Motley Fool - Thu Oct 26, 2023

Thursday's looking bleak for investors in truck transmission manufacturer Allison Transmission Holdings (NYSE: ALSN) stock, down 5.2% through 11:25 a.m. ET despite beating on earnings last night.

Heading into its third-quarter 2023 report, analysts had forecast that Allison would earn only $1.72 per share, but Allison actually earned $1.76 per share. That's the good news. The bad news is that Allison was also supposed to do $758.3 million in revenue last quarter, but it only did $736 million -- hence, an earnings beat paired with a sales miss.

Allison sales and earnings

And yet, overall, the news wasn't half bad. While Allison missed on sales, it still grew its sales 4% year over year -- and net income was up 14%, or even 21% per share after stock buybacks.

That's pretty impressive earnings performance on low-single-digit sales growth.

As CEO David Graziosi explained, the earnings beat began with "cost mitigation" and "price realization" (lowering input costs, and raising prices) that boosted Allison's gross profit margin by 230 basis points year over year.
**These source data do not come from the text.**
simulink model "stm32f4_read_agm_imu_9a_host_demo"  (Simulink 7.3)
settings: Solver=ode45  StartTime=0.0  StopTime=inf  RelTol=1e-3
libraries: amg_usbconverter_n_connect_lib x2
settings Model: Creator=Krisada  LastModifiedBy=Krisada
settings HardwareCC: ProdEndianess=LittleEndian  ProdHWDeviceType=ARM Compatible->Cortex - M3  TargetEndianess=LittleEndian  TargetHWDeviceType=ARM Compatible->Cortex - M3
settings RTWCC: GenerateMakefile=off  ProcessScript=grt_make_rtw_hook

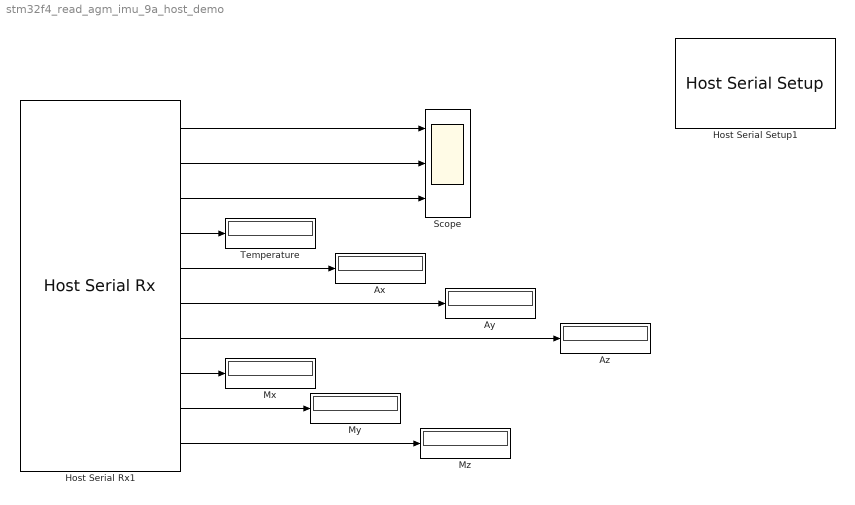
== system stm32f4_read_agm_imu_9a_host_demo ==
  Ax : Display
  Ay : Display
  Az : Display
  Host Serial Rx1 : amg_usbconverter_n_connect_lib/Host Serial Rx  conf=rx  port=<auto>  baudrate=115200  databits=8  parity=None  stopbit=1  flowcontrol=None  transfer=Blocking  timeout=5  packetmode=Binary  enableinitialvalues=off  initialvalues=[]  binheader='7E 7E'  binterminator='03 03'  porttype_double=0  porttype_single=10  porttype_int8=0  porttype_uint8=0  porttype_int16=0  porttype_uint16=0  porttype_int32=0  porttype_uint32=0  asciiformat='%d,%f'  rx_asciiterminator="CRLF (0x0D 0x0A - \"\\r\\n\")"  tx_asciiterminator="CRLF (0x0D 0x0A - \"\\r\\n\")"  sampletime=-1  enablecustomportlabel=off  cinputportlabel=0  coutputportlabel=A  portpinstr=0  blockid=HostSerialRx1  inputporttype=[]  inputportwidth=[]  inputportlabel={}  outputporttype=[1 1 1 1 1 1 1 1 1 1]  outputportwidth=[1 1 1 1 1 1 1 1 1 1]  outputportlabel={'single','single','single','single','single','single','single','single','single','single'}  compat=0  optionstring=[]  autoport='<empty>'
  Host Serial Setup1 : amg_usbconverter_n_connect_lib/Host Serial Setup  conf=setup  port=<auto>  baudrate=115200  databits=8  parity=None  stopbit=1  flowcontrol=None  transfer=Blocking  timeout=2  packetmode=Binary  initialvalues=[]  binheader='7E 7E'  binterminator='03 03'  porttype_double=0  porttype_single=1  porttype_int8=0  porttype_uint8=0  porttype_int16=0  porttype_uint16=0  porttype_int32=0  porttype_uint32=2  asciiformat='%d %u %x'  rx_asciiterminator="CRLF (0x0D 0x0A - \"\\r\\n\")"  tx_asciiterminator="CRLF (0x0D 0x0A - \"\\r\\n\")"  sampletime=-1  enablecustomportlabel=off  cinputportlabel=0  coutputportlabel=A  portpinstr=0  blockid=HostSerialSetup1  inputporttype=[]  inputportwidth=[]  inputportlabel={}  outputporttype=[]  outputportwidth=[]  outputportlabel={}  compat=0  optionstring=[]  autoport='<empty>'
  Mx : Display
  My : Display
  Mz : Display
  Scope : Scope  NumInputPorts=3
      settings: TimeRange=1200  YMin=-300~-300~-200  YMax=300~300~200
  Temperature : Display
  wires:
  Host Serial Rx1/1 -> Scope/1
  Host Serial Rx1/2 -> Scope/2
  Host Serial Rx1/3 -> Scope/3
  Host Serial Rx1/4 -> Temperature/1
  Host Serial Rx1/5 -> Ax/1
  Host Serial Rx1/6 -> Ay/1
  Host Serial Rx1/7 -> Az/1
  Host Serial Rx1/8 -> Mx/1
  Host Serial Rx1/9 -> My/1
  Host Serial Rx1/10 -> Mz/1

Even with selling, general, and administrative expenses rising faster than sales, therefore (up 10% year over year), this left Allison with a powerful 30.2% operating profit margin (up 160 basis points year over year), and a net profit margin of 21.5% -- very impressive indeed for an industrial concern.

Should you buy Allison Transmission stock?

Turning to guidance, Allison held firm on its promise to deliver about $3 billion in sales through the end of this year, and about $600 million in net income -- a smaller but still impressive 20% net profit margin. That should work out to about $6.70 per share, or 21% better than Allison earned in 2022.

Admittedly, that's a bit less than the $7 that Wall Street is predicting. Free cash flow won't even be as strong as net income -- about $570 million through the end of this year. But even so, and even factoring Allison's $2 billion net debt load into the picture, I get an enterprise valuation of only 12.5 times current-year free cash flow for Allison.

With a 1.5% dividend yield and earnings growing 20% this year, that seems like a good deal to me.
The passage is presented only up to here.